Submitted by jhartgen@abi.org on

While there was no single point of failure, undisciplined acquisitions, ad hoc and expensive compensation schemes, and financial mismanagement coalesced to bring the firm’s ruin, several former shareholders say. LeClairRyan’s demise — one of several firm failures in the last decade — is as much a story about a single firm as it is a warning to others in a softening economy, according to an ABA Journal report. Founded in 1988 by two former Hunton & Williams corporate lawyers, Gary LeClair and Dennis Ryan, LeClairRyan started as a regional business firm in Virginia.
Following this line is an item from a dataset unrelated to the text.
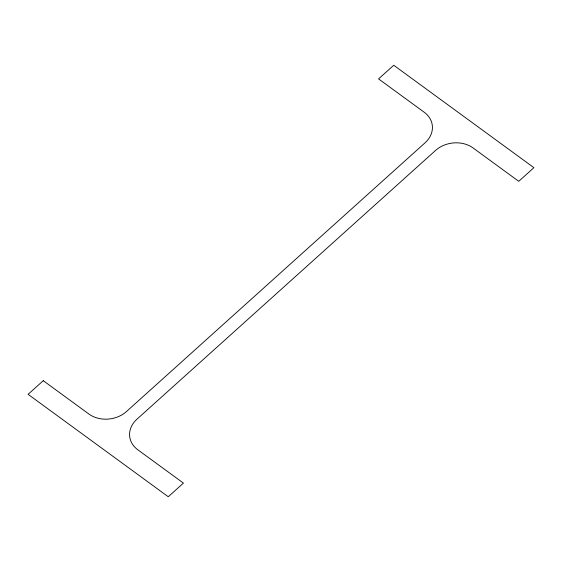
<?xml version="1.0" encoding="UTF-8"?>
<svg xmlns="http://www.w3.org/2000/svg" width="562" height="562" viewBox="0 0 562 562"><rect width="100%" height="100%" fill="white"/><g stroke="black" fill="none" stroke-linecap="round" stroke-linejoin="round"><path stroke-width="0.84" d="M43.26 380.678L28.1 394.327L168.263 496.752L183.423 483.109L137.767 449.741A26.646 21.553 -8.1 0 1 136.931 419.203L435.536 150.454A26.646 21.553 -8.1 0 1 473.078 147.954L518.74 181.322L533.9 167.673L393.737 65.248L378.577 78.891L424.233 112.26A26.646 21.553 -8.1 0 1 425.069 142.797L126.464 411.546A26.646 21.553 -8.1 0 1 88.922 414.046L43.26 380.678"/></g></svg>

The firm initially focused on venture capital clients and got by on credit card advances. Throughout the 1990s, the firm grew slowly and was seen as a solid regional player. Then the dot-com bust came at the turn of the century, and things began to change. As former litigation shareholder at LeClairRyan John Fitzpatrick recalls, Gary LeClair began to shift strategy and wanted to run the firm like a corporation. The new corporate-like structure was top-heavy, expensive and populated with people not billing enough to justify their salaries. As economic tumult continued to increase behind the scenes, a public employment and gender discrimination lawsuit against the firm turned into a portentous preview of LeClairRyan’s pending collapse. In January 2016, firm shareholder Michele Burke Craddock filed a discrimination lawsuit in the U.S. District Court for the Eastern District of Virginia alleging LeClairRyan paid male shareholders more than her even though she generated far more billable hours. Hidden in the case’s documents was a revelation about the firm’s financial health. According to the arbitration decision, the firm admitted that it had to cut Craddock’s compensation because it couldn’t afford not to. Revealing that it had missed budget for the first time in its history in 2011 — and again in 2012, 2013 and 2014 — the firm cut many shareholders’ compensation, leading to departures. The decision noted that LeClairRyan “pointed to the untenable results of its automatic ‘raise culture’ years and the need to reconsider its practices.”